(WHAT THIS TASK INVOLVES):
A faithful copy is required: retype the records from their first line through the line with "color=9, linetype='Continuous', lineweight=9)", and omit the pictures.

(AVAILABLE DATA):

⁂

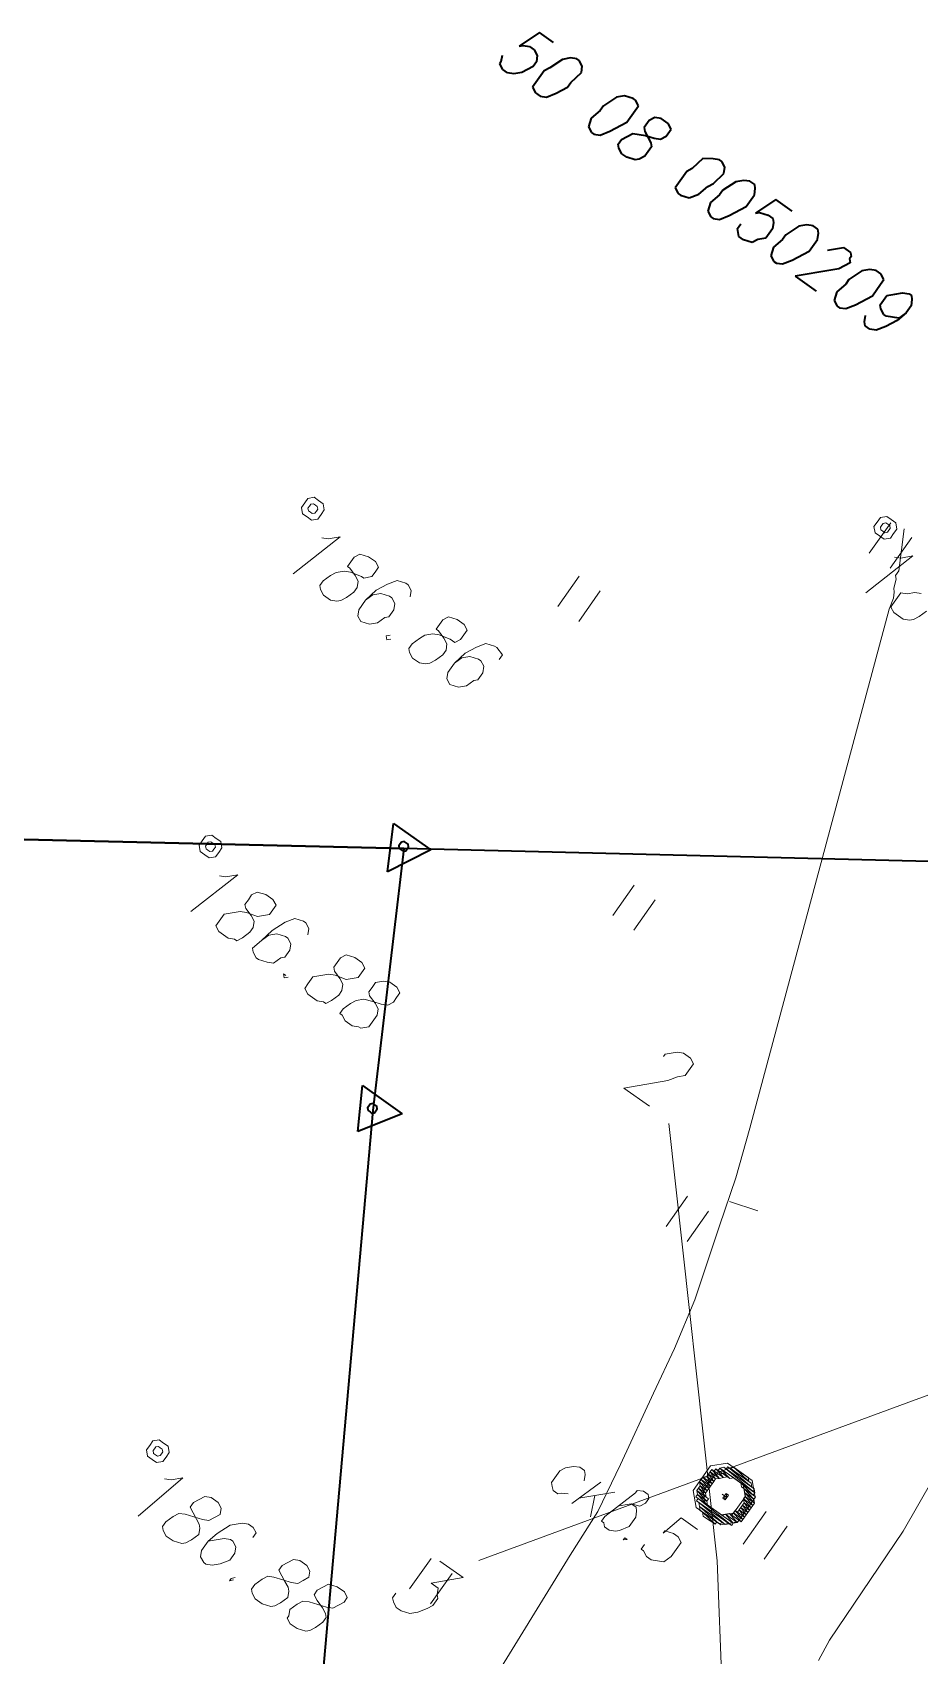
# Model space of a CAD drawing. Header units: millimetres. Extents: x -45570 to 57695, y -24100 to 57483.
# Drawn here: x -8219 to 5736, y 21249 to 46801 of the extents above; entities that cross this region are included whole.
import ezdxf

# ---------------------------------------------------------------- set-up
doc = ezdxf.new("R2010")
doc.units = ezdxf.units.MM
doc.layers.add('НВК_граница', color=6, linetype='Continuous', lineweight=35)
doc.layers.add('НВК_топо', color=9, linetype='Continuous', lineweight=9)

# ---------------------------------------------------------------- blocks, each defined once
blk = doc.blocks.new('ТОПО')
at = {"layer": 'НВК_граница'}
for p, q in [((-242, 46801), (-561, 46585)), ((-21, 46645), (-242, 46801)), ((-561, 46585), (-498, 46596)), ((-498, 46596), (-398, 46580)), ((-398, 46580), (-325, 46528)), ((-325, 46528), (-277, 46439)), ((-869, 46306), (-843, 46343)), ((-821, 46217), (-869, 46306)), ((-843, 46343), (-827, 46442)), ((-344, 46266), (-433, 46219)), ((-292, 46340), (-344, 46266)), ((-277, 46439), (-292, 46340)), ((121, 46378), (-82, 46246)), ((247, 46400), (121, 46378)), ((347, 46385), (247, 46400)), ((383, 46359), (347, 46385)), ((431, 46270), (383, 46359)), ((416, 46170), (431, 46270)), ((-747, 46165), (-821, 46217)), ((-648, 46150), (-747, 46165)), ((-522, 46171), (-648, 46150)), ((-433, 46219), (-522, 46171)), ((-275, 46052), (-354, 45941)), ((-171, 46199), (-275, 46052)), ((-82, 46246), (-171, 46199)), ((197, 45939), (249, 46012)), ((249, 46012), (416, 46170)), ((-354, 45941), (-306, 45852)), ((-306, 45852), (-232, 45800)), ((-232, 45800), (-133, 45785)), ((-133, 45785), (19, 45843)), ((19, 45843), (197, 45939)), ((968, 45780), (764, 45648)), ((1093, 45801), (968, 45780)), ((1230, 45760), (1093, 45801)), ((1266, 45734), (1230, 45760)), ((712, 45574), (571, 45453)), ((764, 45648), (712, 45574)), ((1132, 45387), (1262, 45571)), ((1262, 45571), (1314, 45645)), ((1314, 45645), (1266, 45734)), ((571, 45453), (529, 45317)), ((529, 45317), (577, 45228)), ((713, 45186), (865, 45245)), ((865, 45245), (1043, 45340)), ((1043, 45340), (1132, 45387)), ((1457, 45378), (1404, 45305)), ((1404, 45305), (1415, 45242)), ((1415, 45242), (1463, 45153)), ((1483, 45415), (1457, 45378)), ((1571, 45463), (1483, 45415)), ((1671, 45447), (1571, 45463)), ((1781, 45369), (1671, 45447)), ((1777, 45207), (1829, 45280)), ((1829, 45280), (1781, 45369)), ((577, 45228), (614, 45202)), ((614, 45202), (713, 45186)), ((997, 45041), (1049, 45115)), ((1008, 44978), (997, 45041)), ((1055, 44889), (1008, 44978)), ((1049, 45115), (1138, 45162)), ((1138, 45162), (1227, 45210)), ((1227, 45210), (1326, 45194)), ((1326, 45194), (1426, 45179)), ((1426, 45179), (1562, 45138)), ((1463, 45153), (1510, 45064)), ((1521, 45001), (1469, 44928)), ((1510, 45064), (1521, 45001)), ((1562, 45138), (1662, 45122)), ((1662, 45122), (1751, 45170)), ((1751, 45170), (1777, 45207)), ((1129, 44837), (1055, 44889)), ((1265, 44796), (1129, 44837)), ((1328, 44807), (1265, 44796)), ((1417, 44854), (1328, 44807)), ((1469, 44928), (1417, 44854)), ((2329, 44816), (2162, 44658)), ((2491, 44812), (2329, 44816)), ((2591, 44797), (2491, 44812)), ((2628, 44771), (2591, 44797)), ((2675, 44682), (2628, 44771)), ((1969, 44464), (1891, 44353)), ((2073, 44611), (1969, 44464)), ((2162, 44658), (2073, 44611)), ((2493, 44424), (2660, 44582)), ((2660, 44582), (2675, 44682)), ((2970, 44473), (2844, 44452)), ((3069, 44458), (2970, 44473)), ((1891, 44353), (1938, 44264)), ((1938, 44264), (1975, 44238)), ((1975, 44238), (2111, 44197)), ((2111, 44197), (2263, 44255)), ((2263, 44255), (2404, 44377)), ((2404, 44377), (2493, 44424)), ((2588, 44246), (2447, 44125)), ((2640, 44320), (2588, 44246)), ((2844, 44452), (2640, 44320)), ((3008, 44060), (3138, 44244)), ((3143, 44406), (3069, 44458)), ((3138, 44244), (3153, 44343)), ((3153, 44343), (3143, 44406)), ((2447, 44125), (2406, 43989)), ((2406, 43989), (2453, 43900)), ((2741, 43917), (2919, 44012)), ((2919, 44012), (3008, 44060)), ((3474, 44172), (3155, 43956)), ((3155, 43956), (3218, 43966)), ((3218, 43966), (3354, 43925)), ((3731, 43990), (3474, 44172)), ((2453, 43900), (2490, 43874)), ((2490, 43874), (2590, 43859)), ((2590, 43859), (2741, 43917)), ((2873, 43713), (2925, 43787)), ((2884, 43650), (2873, 43713)), ((3354, 43925), (3428, 43873)), ((3423, 43710), (3371, 43637)), ((3439, 43810), (3423, 43710)), ((3428, 43873), (3439, 43810)), ((3837, 43749), (3633, 43617)), ((3963, 43770), (3837, 43749)), ((4062, 43755), (3963, 43770)), ((4136, 43703), (4062, 43755)), ((4147, 43640), (4136, 43703)), ((2895, 43588), (2884, 43650)), ((2968, 43536), (2895, 43588)), ((3105, 43494), (2968, 43536)), ((3194, 43542), (3105, 43494)), ((3319, 43563), (3194, 43542)), ((3371, 43637), (3319, 43563)), ((3581, 43543), (3440, 43422)), ((3633, 43617), (3581, 43543)), ((4001, 43357), (4132, 43541)), ((4132, 43541), (4147, 43640)), ((3440, 43422), (3399, 43286)), ((3399, 43286), (3447, 43197)), ((3447, 43197), (3484, 43171)), ((3583, 43156), (3735, 43214)), ((3735, 43214), (3913, 43309)), ((3913, 43309), (4001, 43357)), ((4289, 43374), (4352, 43385)), ((4352, 43385), (4415, 43395)), ((4415, 43395), (4478, 43406)), ((4478, 43406), (4541, 43417)), ((4541, 43417), (4651, 43339)), ((4662, 43276), (4636, 43239)), ((4636, 43239), (4647, 43176)), ((4651, 43339), (4662, 43276)), ((3484, 43171), (3583, 43156)), ((4343, 43060), (3778, 42963)), ((3778, 42963), (4109, 42728)), ((4469, 43081), (4343, 43060)), ((4558, 43129), (4469, 43081)), ((4647, 43176), (4558, 43129)), ((4831, 43046), (4627, 42914)), ((4956, 43068), (4831, 43046)), ((5056, 43052), (4956, 43068)), ((5129, 43000), (5056, 43052)), ((5177, 42911), (5129, 43000)), ((4434, 42719), (4393, 42583)), ((4575, 42841), (4434, 42719)), ((4627, 42914), (4575, 42841)), ((4995, 42654), (5125, 42838)), ((5125, 42838), (5177, 42911)), ((5220, 42660), (5346, 42682)), ((5346, 42682), (5471, 42703)), ((5471, 42703), (5571, 42688)), ((5571, 42688), (5608, 42662)), ((4393, 42583), (4440, 42494)), ((4440, 42494), (4477, 42468)), ((4477, 42468), (4576, 42453)), ((4576, 42453), (4728, 42511)), ((4728, 42511), (4906, 42606)), ((4906, 42606), (4995, 42654)), ((5116, 42513), (5194, 42623)), ((5127, 42450), (5116, 42513)), ((5174, 42361), (5127, 42450)), ((5194, 42623), (5220, 42660)), ((5603, 42499), (5525, 42389)), ((5618, 42599), (5603, 42499)), ((5608, 42662), (5618, 42599)), ((4871, 42245), (4886, 42344)), ((4882, 42182), (4871, 42245)), ((4955, 42130), (4882, 42182)), ((5206, 42173), (5055, 42114)), ((5211, 42335), (5174, 42361)), ((5384, 42268), (5206, 42173)), ((5311, 42320), (5211, 42335)), ((5410, 42305), (5311, 42320)), ((5525, 42389), (5384, 42268)), ((5525, 42389), (5410, 42305)), ((5055, 42114), (4955, 42130)), ((-2375, 33955), (-25944, 34511)), ((-25944, 34511), (-2375, 33955)), ((-2635, 33587), (-2539, 34348)), ((-2635, 33587), (-2539, 34348)), ((-2635, 33587), (-2539, 34348)), ((-2539, 34348), (-1951, 33931)), ((-2539, 34348), (-1951, 33931)), ((-2539, 34348), (-1951, 33931)), ((-2375, 33955), (-2865, 29830)), ((-2375, 33955), (-2865, 29830)), ((-1951, 33931), (-2635, 33587)), ((-1951, 33931), (-2635, 33587)), ((-1951, 33931), (-2635, 33587)), ((26654, 33235), (-2375, 33955)), ((26654, 33235), (-2375, 33955)), ((-3099, 29499), (-3029, 30222)), ((-3099, 29499), (-3029, 30222)), ((-3029, 30222), (-2404, 29779)), ((-3029, 30222), (-2404, 29779)), ((-2865, 29830), (-4342, 13152)), ((-2865, 29830), (-4342, 13152)), ((-2404, 29779), (-3099, 29499)), ((-2404, 29779), (-3099, 29499))]:
    blk.add_line(p, q, dxfattribs=at)
for points in [[(-2436, 34026), (-2457, 33995), (-2450, 33953), (-2419, 33932)], [(-2436, 34026), (-2457, 33995), (-2450, 33953), (-2419, 33932)], [(-2436, 34026), (-2457, 33995), (-2450, 33953), (-2419, 33932)], [(-2341, 34042), (-2372, 34063), (-2414, 34056), (-2436, 34026)], [(-2341, 34042), (-2372, 34063), (-2414, 34056), (-2436, 34026)], [(-2341, 34042), (-2372, 34063), (-2414, 34056), (-2436, 34026)], [(-2325, 33948), (-2304, 33978), (-2311, 34020), (-2341, 34042)], [(-2325, 33948), (-2304, 33978), (-2311, 34020), (-2341, 34042)], [(-2325, 33948), (-2304, 33978), (-2311, 34020), (-2341, 34042)], [(-2419, 33932), (-2389, 33910), (-2347, 33917), (-2325, 33948)], [(-2419, 33932), (-2389, 33910), (-2347, 33917), (-2325, 33948)], [(-2419, 33932), (-2389, 33910), (-2347, 33917), (-2325, 33948)], [(-2925, 29900), (-2947, 29870), (-2940, 29828), (-2909, 29806)], [(-2925, 29900), (-2947, 29870), (-2940, 29828), (-2909, 29806)], [(-2831, 29916), (-2862, 29938), (-2904, 29931), (-2925, 29900)], [(-2831, 29916), (-2862, 29938), (-2904, 29931), (-2925, 29900)], [(-2815, 29822), (-2794, 29853), (-2801, 29895), (-2831, 29916)], [(-2815, 29822), (-2794, 29853), (-2801, 29895), (-2831, 29916)], [(-2909, 29806), (-2879, 29784), (-2837, 29792), (-2815, 29822)], [(-2909, 29806), (-2879, 29784), (-2837, 29792), (-2815, 29822)]]:
    blk.add_lwpolyline(points, dxfattribs=at)
at = {"layer": 'НВК_топо'}
for p, q in [((-3377, 38860), (-4118, 38280)), ((-3665, 38843), (-3565, 38828)), ((-3565, 38828), (-3377, 38860)), ((4945, 38604), (5283, 39082)), ((5276, 38369), (5614, 38848)), ((5412, 38328), (5493, 38989)), ((-3071, 38589), (-3160, 38541)), ((-2935, 38548), (-3071, 38589)), ((-3212, 38468), (-3264, 38394)), ((-3264, 38394), (-3228, 38368)), ((-3228, 38368), (-3143, 38253)), ((-3160, 38541), (-3212, 38468)), ((-2825, 38470), (-2935, 38548)), ((-2829, 38307), (-2777, 38381)), ((-2777, 38381), (-2825, 38470)), ((5631, 38560), (4890, 37980)), ((5343, 38543), (5443, 38527)), ((5443, 38527), (5631, 38560)), ((-3698, 38094), (-3646, 38167)), ((-3687, 38031), (-3698, 38094)), ((-3646, 38167), (-3531, 38252)), ((-3531, 38252), (-3442, 38299)), ((-3442, 38299), (-3317, 38321)), ((-3317, 38321), (-3217, 38305)), ((-3217, 38305), (-3044, 38238)), ((-3143, 38253), (-3096, 38164)), ((-3096, 38164), (-3111, 38065)), ((-3044, 38238), (-3007, 38212)), ((-3007, 38212), (-2881, 38234)), ((-2881, 38234), (-2829, 38307)), ((-2635, 38114), (-2812, 38019)), ((-2483, 38172), (-2635, 38114)), ((-2346, 38131), (-2483, 38172)), ((-2310, 38105), (-2346, 38131)), ((-2262, 38016), (-2310, 38105)), ((44, 37765), (383, 38243)), ((5330, 38055), (5371, 38192)), ((5360, 38254), (5412, 38328)), ((5371, 38192), (5360, 38254)), ((-3640, 37942), (-3687, 38031)), ((-3529, 37864), (-3640, 37942)), ((-3430, 37849), (-3529, 37864)), ((-3367, 37859), (-3430, 37849)), ((-3278, 37907), (-3367, 37859)), ((-3163, 37991), (-3278, 37907)), ((-3111, 38065), (-3163, 37991)), ((-2979, 37861), (-3083, 37714)), ((-2812, 38019), (-2979, 37861)), ((-2864, 37945), (-2979, 37861)), ((-2739, 37967), (-2864, 37945)), ((-2602, 37926), (-2739, 37967)), ((-2565, 37900), (-2602, 37926)), ((-2518, 37811), (-2565, 37900)), ((-2277, 37917), (-2262, 38016)), ((375, 37530), (714, 38009)), ((5258, 37720), (5325, 37893)), ((5310, 37793), (5362, 37867)), ((5325, 37893), (5340, 37992)), ((5340, 37992), (5330, 38055)), ((5362, 37867), (5440, 37977)), ((5440, 37977), (5540, 37962)), ((5540, 37962), (5665, 37983)), ((5665, 37983), (5765, 37968)), ((-3083, 37714), (-3099, 37614)), ((-3099, 37614), (-3051, 37526)), ((-2789, 37506), (-2674, 37590)), ((-2674, 37590), (-2611, 37601)), ((-2611, 37601), (-2533, 37711)), ((-2533, 37711), (-2518, 37811)), ((-1673, 37600), (-1762, 37552)), ((-1537, 37558), (-1673, 37600)), ((3067, 29552), (5258, 37720)), ((5284, 37756), (5310, 37793)), ((5331, 37668), (5284, 37756)), ((5478, 37563), (5331, 37668)), ((5578, 37548), (5478, 37563)), ((5730, 37606), (5641, 37559)), ((5845, 37691), (5730, 37606)), ((-3051, 37526), (-2915, 37484)), ((-2915, 37484), (-2789, 37506)), ((-2594, 37313), (-2657, 37302)), ((-2133, 37262), (-2044, 37310)), ((-2044, 37310), (-1918, 37331)), ((-1918, 37331), (-1819, 37316)), ((-1814, 37479), (-1866, 37405)), ((-1866, 37405), (-1830, 37379)), ((-1830, 37379), (-1745, 37264)), ((-1819, 37316), (-1646, 37249)), ((-1762, 37552), (-1814, 37479)), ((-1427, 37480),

⁂

(YOUR RESPONSE):
# Model space of a CAD drawing. Header units: millimetres. Extents: x -45570 to 57695, y -24100 to 57483.
# Drawn here: x -8219 to 5736, y 21249 to 46801 of the extents above; entities that cross this region are included whole.
import ezdxf

# ---------------------------------------------------------------- set-up
doc = ezdxf.new("R2010")
doc.units = ezdxf.units.MM
doc.layers.add('НВК_граница', color=6, linetype='Continuous', lineweight=35)
doc.layers.add('НВК_топо', color=9, linetype='Continuous', lineweight=9)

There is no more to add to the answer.